Final details on Kamakoa Vistas are being ironed out and Taira and Blanco hope to sign a formal agreement by the end of the year. According to the developers’ preliminary timeline, the group hopes to begin infrastructure construction in November 2006 and start vertical construction in April 2007.

UniDev and its local partners have also taken their back-to-the future housing model to Hawaii’s healthcare industry. In July, St. Francis Healthcare System of Hawaii announced plans to build a $100-million residential-care community on 23 acres in Ewa Beach. The project, named Franciscan Vistas, will feature 326 affordable town homes and 150 rental units for seniors and utilize the same combination of creative financing and leasehold land ownership. The Vistas will serve as a long-term care and residential-care facility, as well as work force housing for the religious staff.

 

Building a Better Community

Since plans for both projects were publicly announced last summer, Blanco says that his group has received numerous inquires from large, private-sector employers. They have made presentations to county housing and have their eyes on a couple of properties in the downtown Honolulu area. He’s hopeful that once this new finance and ownership model is introduced (or reintroduced) to Hawaii homebuyers and employers, people will look at leasehold home ownership in a new light.

According to some in the industry, this new housing paradigm could also be a substantial economic engine in itself, fueling the Islands’ construction industry for decades. “I see 30 years’ worth of work in Hawaii. I look around and see so many different things that need to be done,” says Cecil Phillips, president and CEO of Place Properties, an Atlanta-based, institutional housing developer and manager, with 2004 gross revenues of $50 million. Phillips, who is actively pursuing projects in the Islands, says, “In 1964, when the last building boom began, Social Security was rock solid, Medicare and Medicaid weren’t invented yet, gasoline was 18 cents a gallon and you could get a 30-year mortgage for 2 percent. So you have to find new ways to build. This is a burden for governments, but it’s also an opportunity for business.
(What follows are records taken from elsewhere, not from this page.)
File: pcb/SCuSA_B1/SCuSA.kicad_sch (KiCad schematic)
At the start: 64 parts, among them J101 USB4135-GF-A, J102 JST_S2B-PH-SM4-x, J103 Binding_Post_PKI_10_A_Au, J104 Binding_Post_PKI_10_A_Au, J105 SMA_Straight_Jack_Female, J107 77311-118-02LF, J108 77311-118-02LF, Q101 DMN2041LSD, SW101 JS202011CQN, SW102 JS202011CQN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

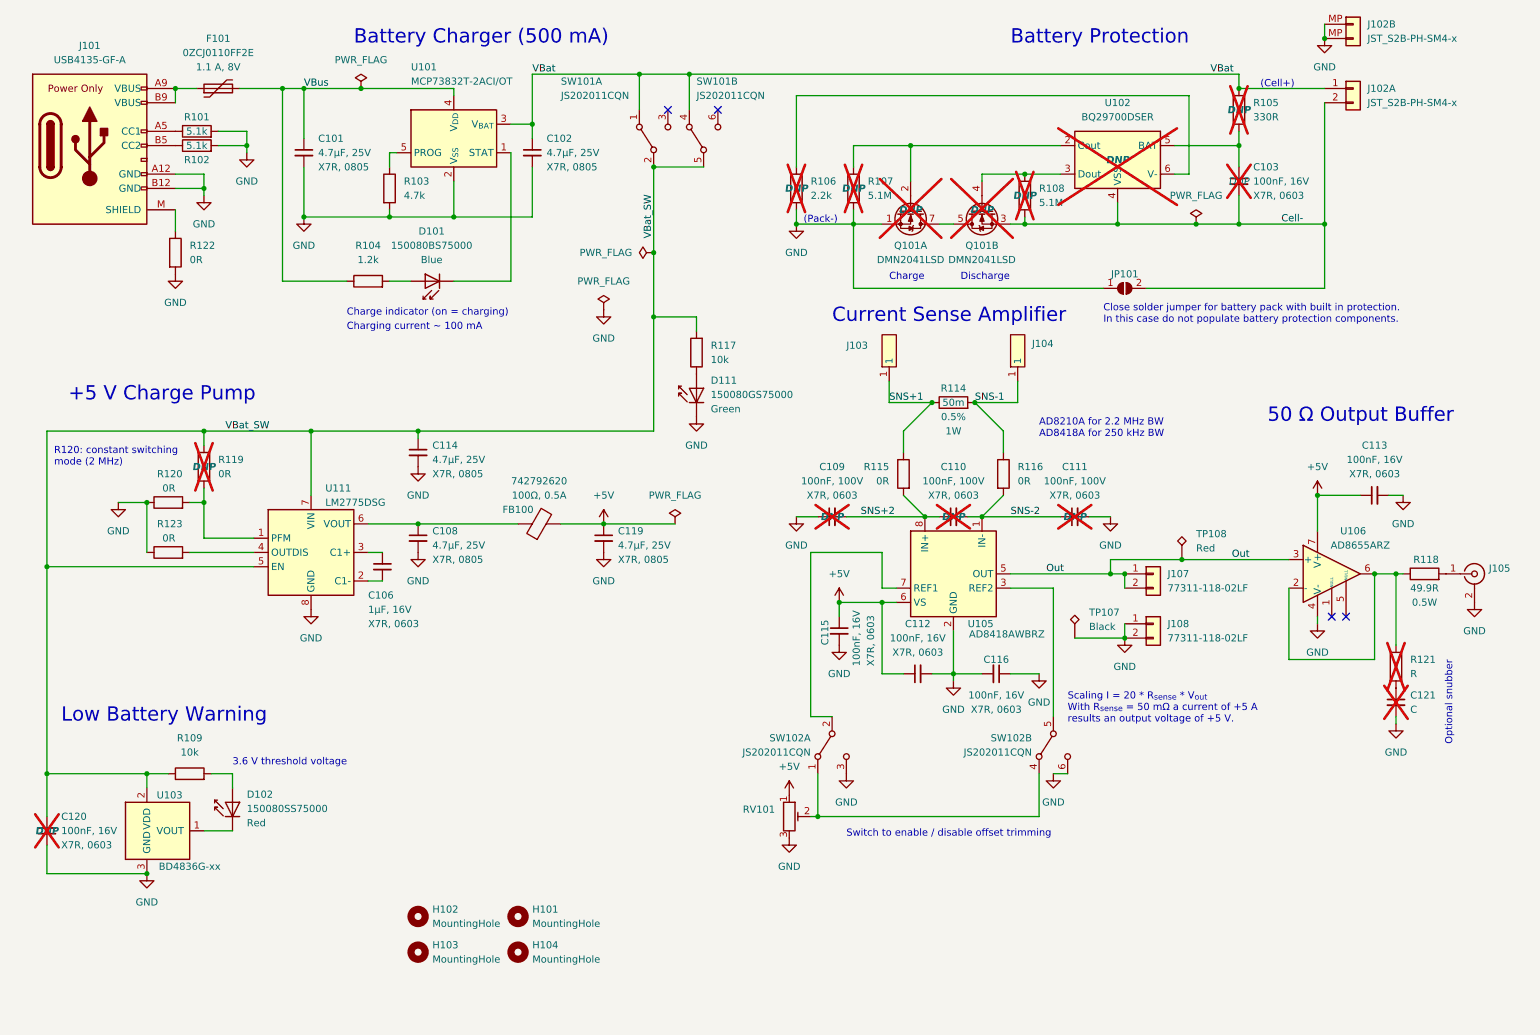
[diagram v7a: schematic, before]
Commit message: BOM modifications
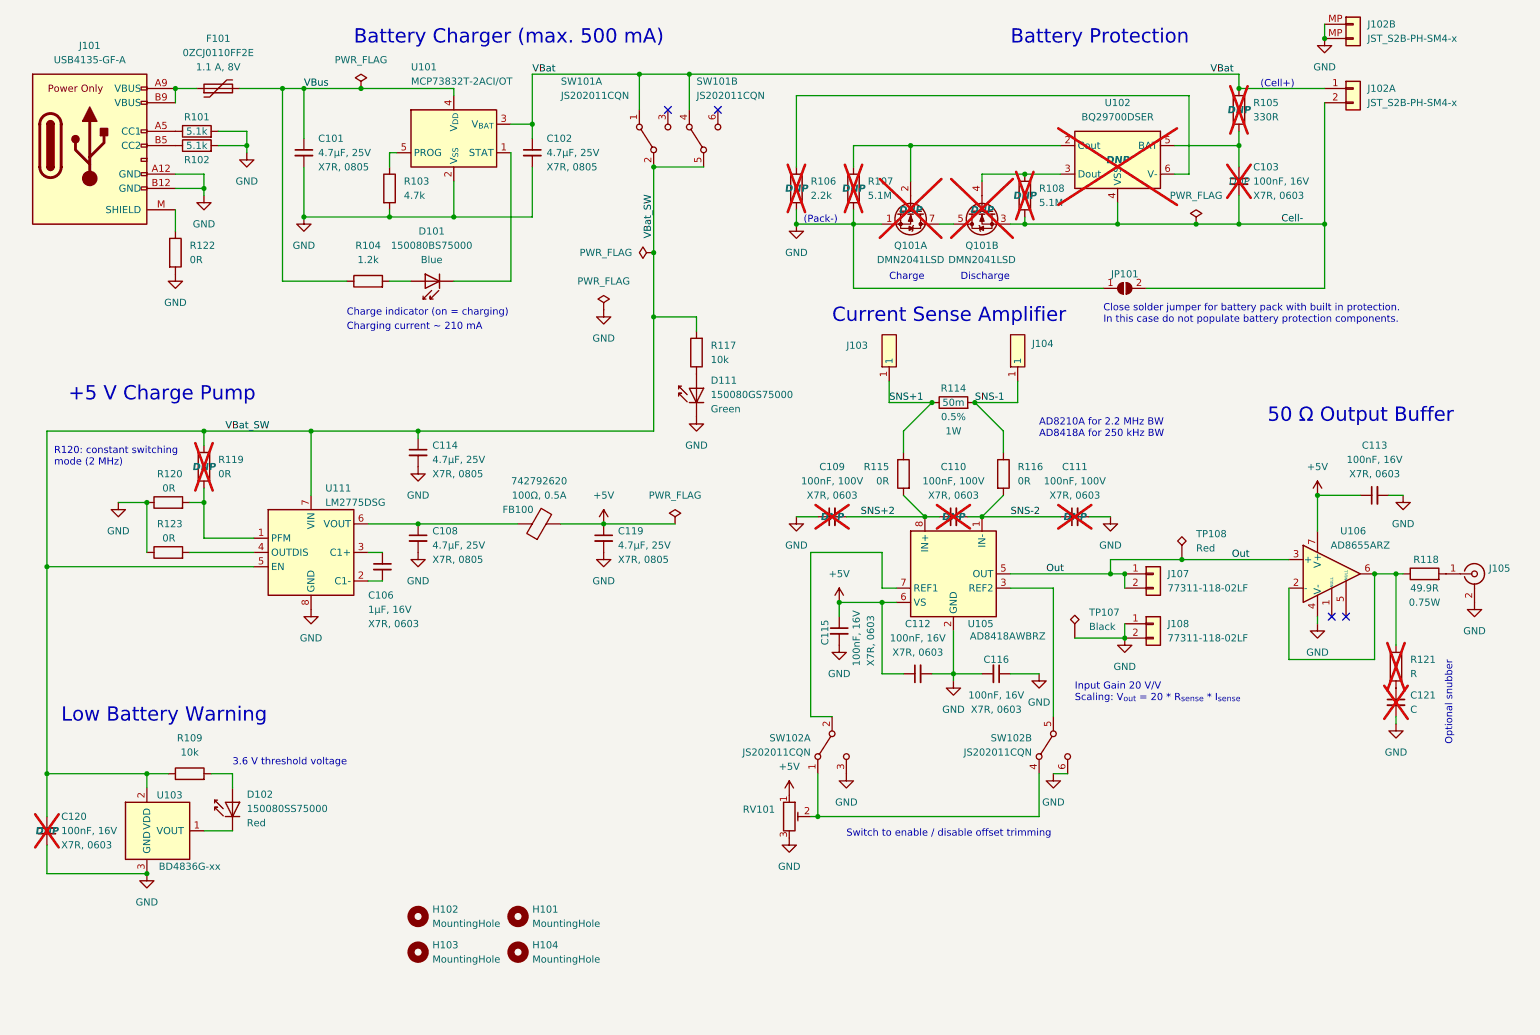
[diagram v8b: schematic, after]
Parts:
- R118: Power 0.5W -> 0.75W
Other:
- note added: "Battery Charger (max. 500 mA)"
- note added: "Charging current ~ 210 mA"
- note added: "Input Gain 20 V/V Scaling: V_{out} = 20 * R_{sense} * I_{sense}"
- note removed: "Battery Charger (500 mA)"
- note removed: "Charging current ~ 100 mA"
- note removed: "Scaling I = 20 * R_{sense} * V_{out} With R_{sense} = 50 mΩ a current of +5 A results an output voltage of +5 V."
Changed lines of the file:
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@@
     (effects (font (size 2.54 2.54)) (justify left bottom))
   )
-  (text "Charging current ~ 100 mA" (at 77.47 71.12 0)
+  (text "Charging current ~ 210 mA" (at 77.47 71.12 0)
     (effects (font (size 1.27 1.27)) (justify left bottom))
   )
@@
     (effects (font (size 1.27 1.27)) (justify left bottom))
   )
-  (text "Battery Charger (500 mA)" (at 78.74 20.32 0)
+  (text "Battery Charger (max. 500 mA)" (at 78.74 20.32 0)
     (effects (font (size 2.54 2.54)) (justify left bottom))
   )
@@
     (effects (font (size 2.54 2.54)) (justify left bottom))
   )
-  (text "Scaling I = 20 * R_{sense} * V_{out}\nWith R_{sense} = 50 mΩ a current of +5 A\nresults an output voltage of +5 V."
-    (at 205.74 140.97 0)
+  (text "Input Gain 20 V/V\nScaling: V_{out} = 20 * R_{sense} * I_{sense}"
+    (at 207.01 137.16 0)
     (effects (font (size 1.27 1.27)) (justify left bottom))
   )
@@
       (effects (font (size 1.27 1.27)) (justify left))
     )
-    (property "Value" "AD8418AWBRZ" (at 201.6598 125.0289 0)
+    (property "Value" "AD8418AWBRZ" (at 201.8179 125.3883 0)
       (effects (font (size 1.27 1.27)) (justify right))
     )
@@
       (effects (font (size 1.27 1.27)) hide)
     )
-    (property "Datasheet" "https://www.analog.com/media/en/technical-documentation/data-sheets/ad8410a.pdf" (at 201.93 132.08 0)
+    (property "Datasheet" "https://www.analog.com/media/en/technical-documentation/data-sheets/ad8418a.pdf" (at 201.93 132.08 0)
       (effects (font (size 1.27 1.27)) hide)
     )
@@
       (effects (font (size 1.27 1.27)) (justify left) hide)
     )
-    (property "Power" "0.5W" (at 269.24 119.38 90)
+    (property "Power" "0.75W" (at 269.24 119.38 90)
       (effects (font (size 1.27 1.27)))
     )

We have to educate the public sector on how you attract private capital and how to borrow to build.”

But for many Island developers and construction professionals, the construction of affordable, work force housing has less to do with taking advantage of a business opportunity than it has to do with preserving a way of life.

“Our fundamental thing is that if people who are critical to servicing the community can’t live in the community, then you don’t have a community,” says Blanco. “Hawaii is a very special place for us. If the rich live in one area and the poor in another far, far away, that isn’t Hawaii anymore.”

“I’m in construction, so I love all the work. I don’t have any problem with the luxury stuff we’ve been doing now. It’s work, and we welcome it,” adds James Yamada Jr., chief executive officer and president of A-1 A-Lectrician Inc., one of the construction partners at Waikoloa Vistas. Yamada, incidentally, is also building an extension to his Oahu home for his son to live in. He says, “But projects like this [Waikoloa Vistas] have lasting, true value to the community. This is something to get excited about. It’s real and will have a real benefit. We all know how tough it is now, we all have families.”